Learning Stabilizable Nonlinear Dynamics with Contraction-Based Regularization

We propose a novel framework for learning stabilizable nonlinear dynamical systems for continuous control tasks in robotics. The key contribution is a control-theoretic regularizer for dynamics fitting rooted in the notion of stabilizability, a constraint which guarantees the existence of robust tracking controllers for arbitrary open-loop trajectories generated with the learned system. Leveraging tools from contraction theory and statistical learning in Reproducing Kernel Hilbert Spaces, we formulate stabilizable dynamics learning as a functional optimization with convex objective and bi-convex functional constraints. Under a mild structural assumption and relaxation of the functional constraints to sampling-based constraints, we derive the optimal solution with a modified Representer theorem. Finally, we utilize random matrix feature approximations to reduce the dimensionality of the search parameters and formulate an iterative convex optimization algorithm that jointly fits the dynamics functions and searches for a certificate of stabilizability.

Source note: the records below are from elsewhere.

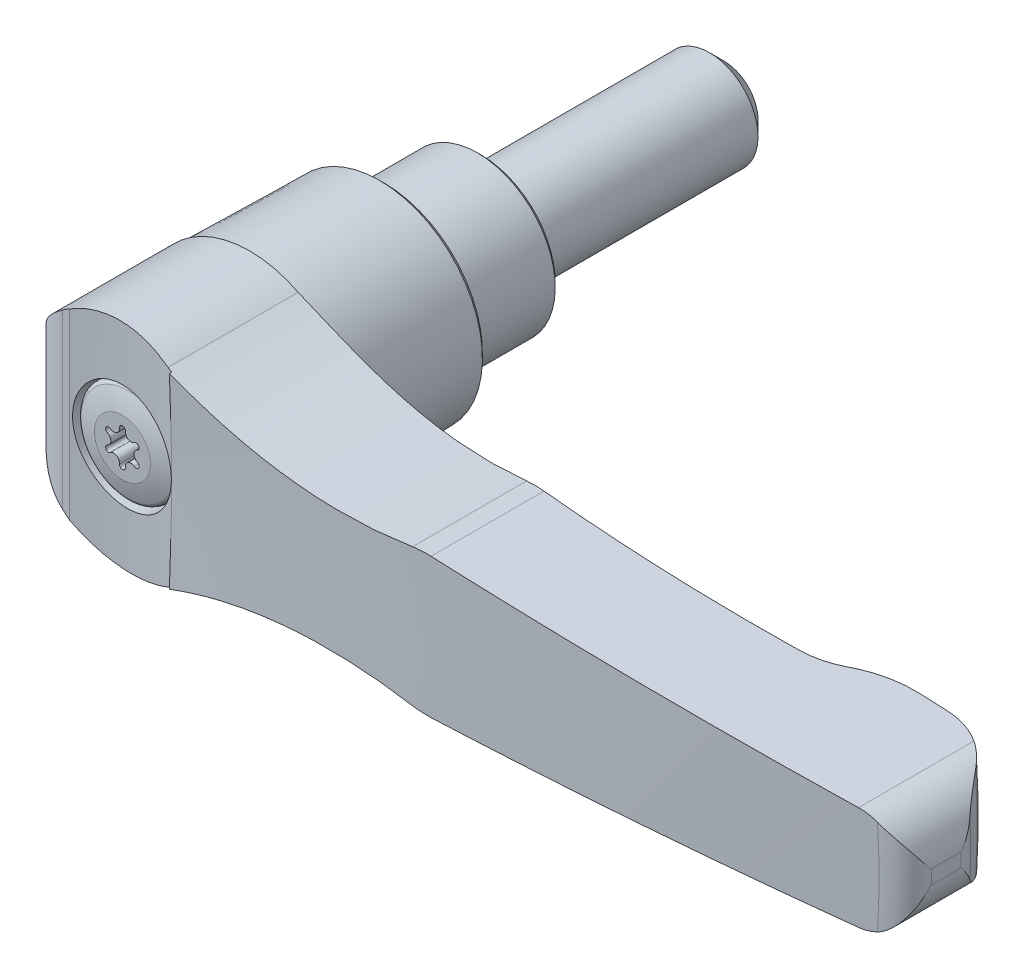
ISO-10303-21;
HEADER;
FILE_DESCRIPTION(('STEP AP214'),'2;1');
FILE_NAME('part.step','',(''),(''),'','','');
FILE_SCHEMA(('AUTOMOTIVE_DESIGN { 1 0 10303 214 1 1 1 1 }'));
ENDSEC;
DATA;
#1=APPLICATION_CONTEXT('core data for automotive mechanical design processes');
#2=APPLICATION_PROTOCOL_DEFINITION('international standard','automotive_design',2000,#1);
#3=PRODUCT_CONTEXT('',#1,'mechanical');
#4=PRODUCT('Part','Part','',(#3));
#5=PRODUCT_RELATED_PRODUCT_CATEGORY('part','',(#4));
#6=PRODUCT_DEFINITION_FORMATION('','',#4);
#7=PRODUCT_DEFINITION_CONTEXT('part definition',#1,'design');
#8=PRODUCT_DEFINITION('design','',#6,#7);
#9=PRODUCT_DEFINITION_SHAPE('','',#8);
#10=(LENGTH_UNIT() NAMED_UNIT(*) SI_UNIT(.MILLI.,.METRE.));
#11=(NAMED_UNIT(*) PLANE_ANGLE_UNIT() SI_UNIT($,.RADIAN.));
#12=(NAMED_UNIT(*) SI_UNIT($,.STERADIAN.) SOLID_ANGLE_UNIT());
#13=UNCERTAINTY_MEASURE_WITH_UNIT(LENGTH_MEASURE(1.E-05),#10,'distance_accuracy_value','');
#14=(GEOMETRIC_REPRESENTATION_CONTEXT(3) GLOBAL_UNCERTAINTY_ASSIGNED_CONTEXT((#13)) GLOBAL_UNIT_ASSIGNED_CONTEXT((#10,
#11,#12)) REPRESENTATION_CONTEXT('',''));
#15=CARTESIAN_POINT('',(0.,0.,0.));
#16=DIRECTION('',(0.,0.,1.));
#17=DIRECTION('',(1.,0.,0.));
#18=AXIS2_PLACEMENT_3D('',#15,#16,#17);
#19=CARTESIAN_POINT('',(0.,0.,27.75));
#20=DIRECTION('',(0.,0.,1.));
#21=DIRECTION('',(0.,-1.,0.));
#22=AXIS2_PLACEMENT_3D('',#19,#20,#21);
#23=CONICAL_SURFACE('',#22,5.15,0.0261799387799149);
#24=CARTESIAN_POINT('',(-3.82186723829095,3.79301788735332,36.7080789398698));
#25=CARTESIAN_POINT('',(-3.71534691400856,3.90028108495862,36.7062117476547));
#26=CARTESIAN_POINT('',(-3.60432455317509,4.00304517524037,36.704589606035));
#27=CARTESIAN_POINT('',(-3.37399930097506,4.19891926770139,36.7020096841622));
#28=CARTESIAN_POINT('',(-3.25469446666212,4.29202699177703,36.7010520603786));
#29=CARTESIAN_POINT('',(-3.0085890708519,4.4679591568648,36.6999680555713));
#30=CARTESIAN_POINT('',(-2.88178275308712,4.55077554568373,36.6998423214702));
#31=CARTESIAN_POINT('',(-2.62161264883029,4.7054859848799,36.7005758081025));
#32=CARTESIAN_POINT('',(-2.48824649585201,4.77737605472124,36.7014353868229));
#33=CARTESIAN_POINT('',(-2.21605276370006,4.90964048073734,36.7042708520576));
#34=CARTESIAN_POINT('',(-2.07722922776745,4.97002317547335,36.7062459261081));
#35=CARTESIAN_POINT('',(-1.79497035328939,5.07893378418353,36.7114191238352));
#36=CARTESIAN_POINT('',(-1.65153333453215,5.12745732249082,36.7146176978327));
#37=CARTESIAN_POINT('',(-1.36121177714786,5.21225729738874,36.7223126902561));
#38=CARTESIAN_POINT('',(-1.21432937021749,5.24854110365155,36.7268083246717));
#39=CARTESIAN_POINT('',(-0.918029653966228,5.30866584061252,36.7371445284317));
#40=CARTESIAN_POINT('',(-0.768611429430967,5.33250217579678,36.7429855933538));
#41=CARTESIAN_POINT('',(-0.468546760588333,5.36753437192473,36.7560131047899));
#42=CARTESIAN_POINT('',(-0.317902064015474,5.37874583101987,36.7631978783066));
#43=CARTESIAN_POINT('',(-0.0162164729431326,5.3885202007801,36.7788936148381));
#44=CARTESIAN_POINT('',(0.134824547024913,5.3870784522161,36.7874050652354));
#45=CARTESIAN_POINT('',(0.436130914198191,5.37156631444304,36.8056859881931));
#46=CARTESIAN_POINT('',(0.58639649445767,5.35749997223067,36.815455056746));
#47=CARTESIAN_POINT('',(0.885200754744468,5.31685490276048,36.8361582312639));
#48=CARTESIAN_POINT('',(1.03373877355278,5.29027153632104,36.8470927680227));
#49=CARTESIAN_POINT('',(1.32842726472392,5.22469830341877,36.8700247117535));
#50=CARTESIAN_POINT('',(1.47456945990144,5.18567228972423,36.882025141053));
#51=CARTESIAN_POINT('',(1.76304982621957,5.09551309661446,36.9068998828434));
#52=CARTESIAN_POINT('',(1.90538657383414,5.04437545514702,36.9197745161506));
#53=CARTESIAN_POINT('',(2.18517812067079,4.93037916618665,36.9461969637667));
#54=CARTESIAN_POINT('',(2.32263450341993,4.86752436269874,36.9597445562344));
#55=CARTESIAN_POINT('',(2.59177729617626,4.73053715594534,36.987298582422));
#56=CARTESIAN_POINT('',(2.72346154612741,4.65640057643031,37.0013051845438));
#57=CARTESIAN_POINT('',(3.11008075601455,4.41677811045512,37.0438406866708));
#58=CARTESIAN_POINT('',(3.35498940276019,4.23472918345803,37.0727317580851));
#59=CARTESIAN_POINT('',(3.81061841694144,3.83201391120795,37.1293132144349));
#60=CARTESIAN_POINT('',(4.02133817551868,3.61134687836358,37.1570035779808));
#61=CARTESIAN_POINT('',(4.40299814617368,3.13710131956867,37.2090851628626));
#62=CARTESIAN_POINT('',(4.57389146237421,2.88348453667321,37.2334724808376));
#63=CARTESIAN_POINT('',(4.8704857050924,2.35066468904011,37.2769076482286));
#64=CARTESIAN_POINT('',(4.99618921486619,2.07146308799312,37.2959558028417));
#65=CARTESIAN_POINT('',(5.19764854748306,1.49811632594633,37.3269450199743));
#66=CARTESIAN_POINT('',(5.27385550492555,1.20413322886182,37.3389501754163));
#67=CARTESIAN_POINT('',(5.37579370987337,0.607338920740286,37.3550873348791));
#68=CARTESIAN_POINT('',(5.40152887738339,0.304528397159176,37.3592199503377));
#69=CARTESIAN_POINT('',(5.40172286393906,-0.29769106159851,37.3592512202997));
#70=CARTESIAN_POINT('',(5.37675477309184,-0.597099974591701,37.35524190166));
#71=CARTESIAN_POINT('',(5.27746605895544,-1.18740212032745,37.3395194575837));
#72=CARTESIAN_POINT('',(5.20314585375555,-1.47829542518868,37.3278063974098));
#73=CARTESIAN_POINT('',(5.00745942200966,-2.04324075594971,37.2976749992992));
#74=CARTESIAN_POINT('',(4.88611822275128,-2.31730165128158,37.2792602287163));
#75=CARTESIAN_POINT('',(4.59994520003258,-2.84124816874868,37.2372335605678));
#76=CARTESIAN_POINT('',(4.43511078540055,-3.09113234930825,37.2136213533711));
#77=CARTESIAN_POINT('',(4.06463235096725,-3.56252869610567,37.1627855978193));
#78=CARTESIAN_POINT('',(3.85857005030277,-3.78370822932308,37.1355260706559));
#79=CARTESIAN_POINT('',(3.41254071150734,-4.18853503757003,37.0796758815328));
#80=CARTESIAN_POINT('',(3.17257159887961,-4.37218001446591,37.0510851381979));
#81=CARTESIAN_POINT('',(2.66278140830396,-4.69856745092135,36.994342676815));
#82=CARTESIAN_POINT('',(2.39268640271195,-4.84088357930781,36.9661981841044));
#83=CARTESIAN_POINT('',(1.83217160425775,-5.07809992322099,36.9125421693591));
#84=CARTESIAN_POINT('',(1.54175179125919,-5.17300009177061,36.8870306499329));
#85=CARTESIAN_POINT('',(0.948774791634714,-5.31257948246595,36.8401550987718));
#86=CARTESIAN_POINT('',(0.646218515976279,-5.35726246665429,36.8187907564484));
#87=CARTESIAN_POINT('',(0.0375867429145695,-5.39498080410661,36.7812079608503));
#88=CARTESIAN_POINT('',(-0.268488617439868,-5.38801816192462,36.7649893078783));
#89=CARTESIAN_POINT('',(-0.873320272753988,-5.32272310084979,36.7381921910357));
#90=CARTESIAN_POINT('',(-1.17211141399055,-5.26472804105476,36.7275774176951));
#91=CARTESIAN_POINT('',(-1.75586295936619,-5.09937269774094,36.7116339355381));
#92=CARTESIAN_POINT('',(-2.04082365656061,-4.99201346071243,36.7063051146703));
#93=CARTESIAN_POINT('',(-2.58762584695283,-4.73149608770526,36.7002185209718));
#94=CARTESIAN_POINT('',(-2.84955219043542,-4.57851601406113,36.6994432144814));
#95=CARTESIAN_POINT('',(-3.34420500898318,-4.23075694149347,36.7012936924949));
#96=CARTESIAN_POINT('',(-3.57693118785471,-4.03597751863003,36.7039195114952));
#97=CARTESIAN_POINT('',(-3.89903010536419,-3.71679841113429,36.709377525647));
#98=CARTESIAN_POINT('',(-4.00199323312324,-3.60577103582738,36.7114531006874));
#99=CARTESIAN_POINT('',(-4.19820603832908,-3.37546663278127,36.7159314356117));
#100=CARTESIAN_POINT('',(-4.29145927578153,-3.25619265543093,36.7183340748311));
#101=CARTESIAN_POINT('',(-4.46762204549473,-3.01018379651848,36.7232909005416));
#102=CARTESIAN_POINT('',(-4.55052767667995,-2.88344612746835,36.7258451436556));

We validate the proposed algorithm in simulation for a planar quadrotor, and on a quadrotor hardware testbed emulating planar dynamics. We verify, both in simulation and on hardware, significantly improved trajectory generation and tracking performance with the control-theoretic regularized model over models learned using traditional regression techniques, especially when learning from small supervised datasets. The results support the conjecture that the use of stabilizability constraints as a form of regularization can help prune the hypothesis space in a manner that is tailored to the downstream task of trajectory generation and feedback control, resulting in models that are not only dramatically better conditioned, but also data efficient.